Sheena Carter: Right, so that sort of early establishment phase is one of those critical periods where you really need to be monitoring pretty closely? 

 

Ross Warren: I believe it is, Sheena, that's one thing we have learned, particularly. Last year we somewhat experimented on farm where certain crops weren't sprayed at all and the armyworm was in there from the young age. Those crops were significantly impacted in terms of yield and quality at the time they got through to harvest. This year we have generally taken an option to spray certain crops in certain areas if we think the damage is going to have an effect on yield at the early stage and we're getting to harvest on those crops and I think we're seeing a reasonable result in terms of controlling those fall armyworms at that point in time. However, there's still some challenges, particularly for corn and maize crops that we're seeing up here, Sheena. We see massive challenges for those crops, I think, going forward.  

 

Sheena Carter: So we've got that critical establishment phase and then these other challenges that are coming through with the maize, are there other critical periods in the crop’s development where it's more important, or where more of the damage is happening?  

 

Ross Warren: So we have seen a variation of impact between, let’s broadly say sorghum, whether that be grain sorghum or forage sorghum crops and maize crops. And so as a general rule of thumb, and all this must be generalised, Sheena, but generally our sorghum crops are more robust and more able to grow out of a damaged period as opposed to maize. And so with our maize crops, we have tended to monitor numbers, that's certainly something we must do, is monitor numbers within a crop and then spray at appropriate times with appropriate chemicals. With maize, we're finding that we're spraying at, generally, at the young stages, it's come in maybe six or eight leaf stage. If we were to spray at that time and control the incursions, what we've seen mostly in our areas here is that that crop has then got through to tasseling. And then we seem to be finding more incursions coming through at tasseling and then cobbing. And, there’s a farmer that I work up here in the Mary Valley, who's unfortunately in that stage at the moment and has had to spray their crop with a drone incidentally, twice within the last 10 days, just to try and control their numbers of fall armyworm that are coming in whilst that cob is developing. And that's had a significant impact to the cost and we haven't harvested that crop yet, but we're expecting that there’ll be yield decline and we expect there’ll also be a quality decline in those cobs of corn because there have been some fall armyworm penetrate the cobs and we know from experience last year when that happened, we ended up with some fungi development or mould that grew in those crops. And so we had not only a reduction in starch, but we also had a mycotoxin issue with those crops being ensiled. An added cost if the farmers weren’t already but certainly must be aware of feeding mycotoxin binders for those sort of crops and sorghum is a little different in the nature of the grain formation, you’ve got much more of an open head, as we know, with our sorghums, and we don't seem to see the effect of the fall armyworm on the grain development like we do in our maize crops.  

 

Sheena Carter: Right, so the starch content isn't going to be too greatly affected in your sorghum crops, your grain sorghum crops, as it is with the risk of the cobbing phase in the maize.  

 

Ross Warren: No it hasn't, Sheena, and as I said, we've got one farm that has spayed their grain sorghum crop in the early stages of that development and the situation there was they do have a small area that they grow for their silage and they rely very heavily on that for their feeding program going forward through the autumn.

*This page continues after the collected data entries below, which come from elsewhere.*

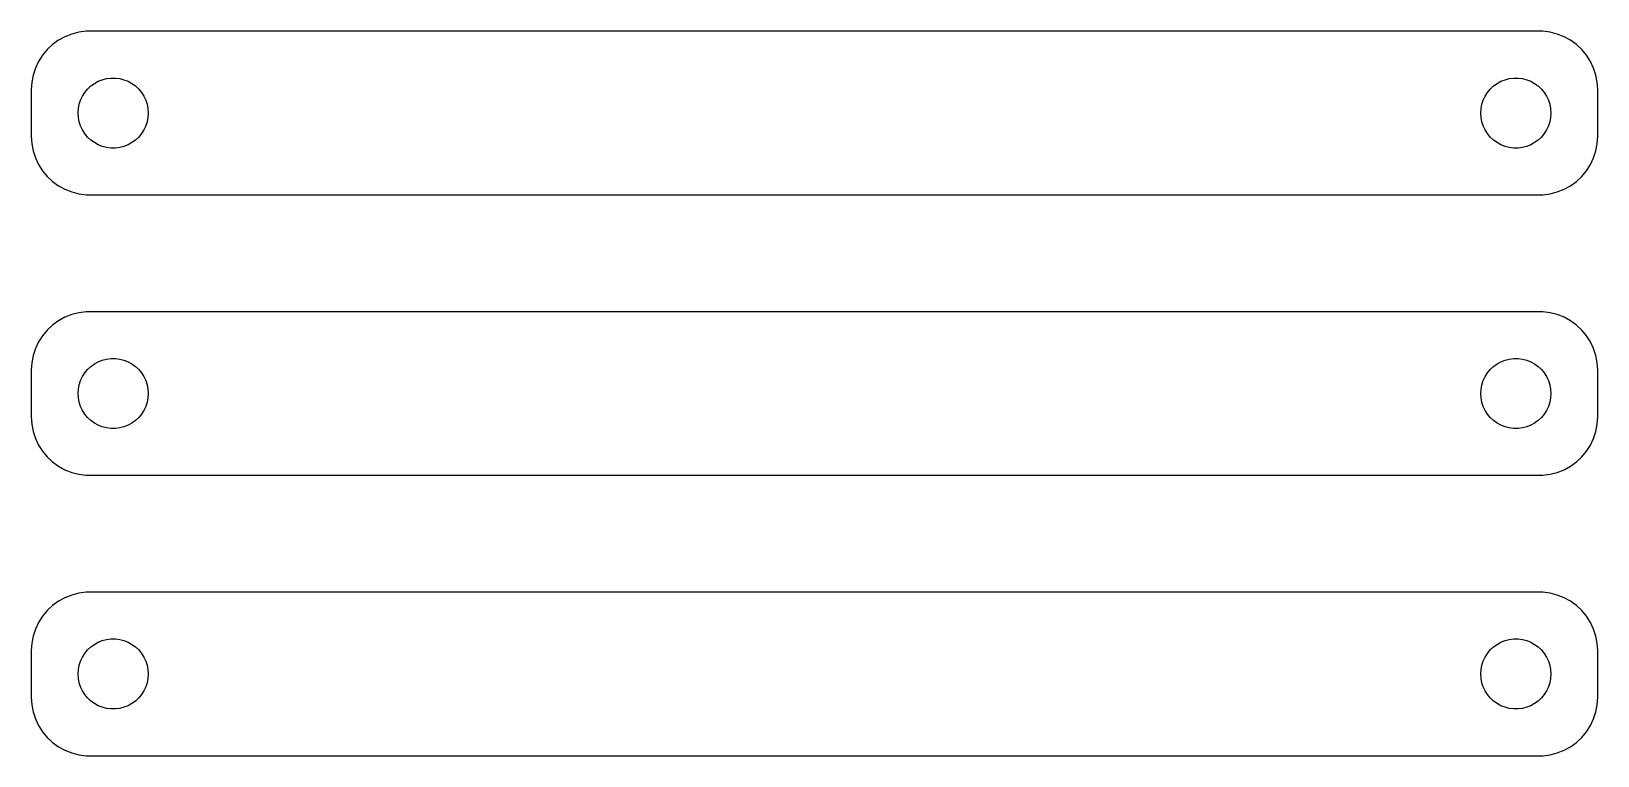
# Model space of a CAD drawing. Header units: metres. Extents: x -67 to 67, y 41 to 103.
import ezdxf

# ---------------------------------------------------------------- set-up
doc = ezdxf.new("R2010")
doc.units = ezdxf.units.M

msp = doc.modelspace()

# ---------------------------------------------------------------- linework, layer by layer
for p, q in [((-65.1871, 101.853), (-65.6448, 101.423)), ((-64.6791, 102.222), (-65.1871, 101.853)), ((-64.1289, 102.524), (-64.6791, 102.222)), ((-63.5451, 102.755), (-64.1289, 102.524)), ((-62.9369, 102.911), (-63.5451, 102.755)), ((-62.3139, 102.99), (-62.9369, 102.911)), ((62.3139, 102.99), (-62.3139, 102.99)), ((62.9369, 102.911), (62.3139, 102.99)), ((63.5451, 102.755), (62.9369, 102.911)), ((64.1289, 102.524), (63.5451, 102.755)), ((64.6791, 102.222), (64.1289, 102.524)), ((65.1871, 101.853), (64.6791, 102.222)), ((65.6448, 101.423), (65.1871, 101.853)), ((-66.0451, 100.939), (-66.3815, 100.409)), ((-65.6448, 101.423), (-66.0451, 100.939)), ((66.0451, 100.939), (65.6448, 101.423)), ((66.3815, 100.409), (66.0451, 100.939)), ((-66.8429, 99.2434), (-66.9606, 98.6267)), ((-66.6489, 99.8406), (-66.8429, 99.2434)), ((-66.3815, 100.409), (-66.6489, 99.8406)), ((66.6489, 99.8406), (66.3815, 100.409)), ((66.8429, 99.2434), (66.6489, 99.8406)), ((66.9606, 98.6267), (66.8429, 99.2434)), ((-66.9606, 98.6267), (-67, 98)), ((-67, 98), (-67, 94)), ((-62.427, 97.7634), (-62.1869, 98.0536)), ((-62.1869, 98.0536), (-61.9123, 98.3115)), ((-61.9123, 98.3115), (-61.6075, 98.533)), ((-61.6075, 98.533), (-61.2773, 98.7145)), ((-61.2773, 98.7145), (-60.927, 98.8532)), ((-60.927, 98.8532), (-60.5621, 98.9469)), ((-60.5621, 98.9469), (-60.1884, 98.9941)), ((-60.1884, 98.9941), (-59.8116, 98.9941)), ((-59.8116, 98.9941), (-59.4379, 98.9469)), ((-59.4379, 98.9469), (-59.0729, 98.8532)), ((-59.0729, 98.8532), (-58.7227, 98.7145)), ((-58.7227, 98.7145), (-58.3925, 98.533)), ((-58.3925, 98.533), (-58.0877, 98.3115)), ((-58.0877, 98.3115), (-57.8131, 98.0536)), ((-57.8131, 98.0536), (-57.5729, 97.7634)), ((57.5729, 97.7634), (57.8131, 98.0536)), ((57.8131, 98.0536), (58.0877, 98.3115)), ((58.0877, 98.3115), (58.3925, 98.533)), ((58.3925, 98.533), (58.7227, 98.7145)), ((58.7227, 98.7145), (59.0729, 98.8532)), ((59.0729, 98.8532), (59.4379, 98.9469)), ((59.4379, 98.9469), (59.8116, 98.9941)), ((59.8116, 98.9941), (60.1884, 98.9941)), ((60.1884, 98.9941), (60.5621, 98.9469)), ((60.5621, 98.9469), (60.927, 98.8532)), ((60.927, 98.8532), (61.2773, 98.7145)), ((61.2773, 98.7145), (61.6075, 98.533)), ((61.6075, 98.533), (61.9123, 98.3115)), ((61.9123, 98.3115), (62.1869, 98.0536)), ((62.1869, 98.0536), (62.427, 97.7634)), ((67, 98), (66.9606, 98.6267)), ((67, 94), (67, 98)), ((-62.9763, 96.376), (-62.9057, 96.7461)), ((-62.9057, 96.7461), (-62.7893, 97.1044)), ((-62.7893, 97.1044), (-62.6289, 97.4453)), ((-62.6289, 97.4453), (-62.427, 97.7634)), ((-57.5729, 97.7634), (-57.3711, 97.4453)), ((-57.3711, 97.4453), (-57.2107, 97.1044)), ((-57.2107, 97.1044), (-57.0942, 96.7461)), ((-57.0942, 96.7461), (-57.0237, 96.376)), ((57.0237, 96.376), (57.0942, 96.7461)), ((57.0942, 96.7461), (57.2107, 97.1044)), ((57.2107, 97.1044), (57.3711, 97.4453)), ((57.3711, 97.4453), (57.5729, 97.7634)), ((62.427, 97.7634), (62.6289, 97.4453)), ((62.6289, 97.4453), (62.7893, 97.1044)), ((62.7893, 97.1044), (62.9057, 96.7461)), ((62.9057, 96.7461), (62.9763, 96.376)), ((-63, 96), (-62.9763, 96.376)), ((-62.9763, 95.624), (-63, 96)), ((-62.9057, 95.2539), (-62.9763, 95.624)), ((-62.7893, 94.8956), (-62.9057, 95.2539)), ((-57.0942, 95.2539), (-57.2107, 94.8956)), ((-57.0237, 95.624), (-57.0942, 95.2539)), ((-57.0237, 96.376), (-57, 96)), ((-57, 96), (-57.0237, 95.624)), ((57, 96), (57.0237, 96.376)), ((57.0237, 95.624), (57, 96)), ((57.0942, 95.2539), (57.0237, 95.624)), ((57.2107, 94.8956), (57.0942, 95.2539)), ((62.9057, 95.2539), (62.7893, 94.8956)), ((62.9763, 95.624), (62.9057, 95.2539)), ((62.9763, 96.376), (63, 96)), ((63, 96), (62.9763, 95.624)), ((-67, 94), (-66.9606, 93.3733)), ((-62.6289, 94.5547), (-62.7893, 94.8956)), ((-62.427, 94.2366), (-62.6289, 94.5547)), ((-62.1869, 93.9464), (-62.427, 94.2366)), ((-61.9123, 93.6885), (-62.1869, 93.9464)), ((-57.8131, 93.9464), (-58.0877, 93.6885)), ((-57.5729, 94.2366), (-57.8131, 93.9464)), ((-57.3711, 94.5547), (-57.5729, 94.2366)), ((-57.2107, 94.8956), (-57.3711, 94.5547)), ((57.3711, 94.5547), (57.2107, 94.8956)), ((57.5729, 94.2366), (57.3711, 94.5547)), ((57.8131, 93.9464), (57.5729, 94.2366)), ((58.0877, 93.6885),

So we decided that spraying that crop in the young stage was pertinent and that crop’s developing and will be harvested within the next fortnight. I would be very surprised if there's been any negative effect on yields. But everyone else has just suffered a little bit of damage in their sorghum crops thus far, yields haven't been impacted to any great degree at this point in time. 

 

Sheena Carter: Okay. Do you have any sort of figures on, you know, reduction in yield on corn crops?  

 

Ross Warren: Yeah, last year, unfortunately, it was reduction by about a third in that crop, and our starch content was the other thing that was unfortunately really impacted, Sheena. Our starch content dropped below where our sorghum starch results were coming in at. Very, very disappointing for the farmers to harvest that sort of crop. And then, as I said, the mycotoxin issues that presented then going forward. And one thing I would say we've noticed and it may not hold true going forward, but what I have noticed in this particular area is that the earlier we're planting more maize crops, which up here might be the end of August or thereabouts, and in the season and then harvesting prior to Christmas, there would be less of a fall armyworm burden than what we're seeing on our corn crops now in the early parts of the year.  

 

Sheena Carter: Yeah, okay. And are many people, sort of, considering swapping out from maize into sorghum silage instead, just to lower all those risks?  

 

Ross Warren: Yes, Sheena, we have seen a move, a conscious move away from that on some people's properties, and that was based on the experience that we had last year. We've also seen a move in some of our grain growing areas as well, that were impacted by fall armyworm last year, whereas in the past they might have grown maize for corn grain, they've grown sorghum in a large area this year, and that was purely and simply to get away from the damage that they received last year. So there has been a conscious move. But as I said, Sheena, it's been so mixed and varied, like there’s many examples where I could give where… this one comes to mind for a farm I deal with on the Darling Downs, one of their paddocks was affected and they sprayed – this was in a maize crop 20 kilometres from the home dairy – and they haven't sprayed at all. So it's very, very unusual and there's no script.  

 

Sheena Carter: Right, you can't put it down to any particular wind or anything that might be, yeah, accounting for it.  

 

Ross Warren: I would say that we have got better with our maize crops and the management of them this year, Sheena. I think we'll get better and better, but you know, some of the options that farmers have got and some of the chemical options are interesting, and certainly this fall armyworm is resistant to some of the chemicals we might have sprayed with in the past, and that's been a challenge for everyone to get their heads around. But there is some really good chemistry available to farmers now, and I think there's a lot of energy being put on selecting the right chemicals so that we do target the fall armyworm specifically with our sprays and we try and keep as many beneficial within our paddocks as we can because they're working for us all the time, and that's something I'm learning about, and I think as farmers as well, we're learning together to try and really target this pest.  

 

Sheena Carter: Yeah, and I guess with the chemicals available we need to be very careful that we don't end up developing resistance to those as well, so it is that really fine line of managing and applying at the right time and all those management factors, isn't it?  

 

Ross Warren: Absolutely, Sheena. And also in the dairy industry, we have to be really conscious of withholds obviously as well. And so that presents another element of risk or limitation that we have in terms of the chemicals that we can use our dairy businesses.  

 

Sheena Carter: Yeah. And I think, look, there's the webinar that you presented on in November last year with Dr. Melina Miles, an entomologist from QDAF, and there's some fantastic information in that section and there will be a link to it in our show notes, but she mentioned the virus that's now available in Australia, Fawligen, do you know of many people using that at all?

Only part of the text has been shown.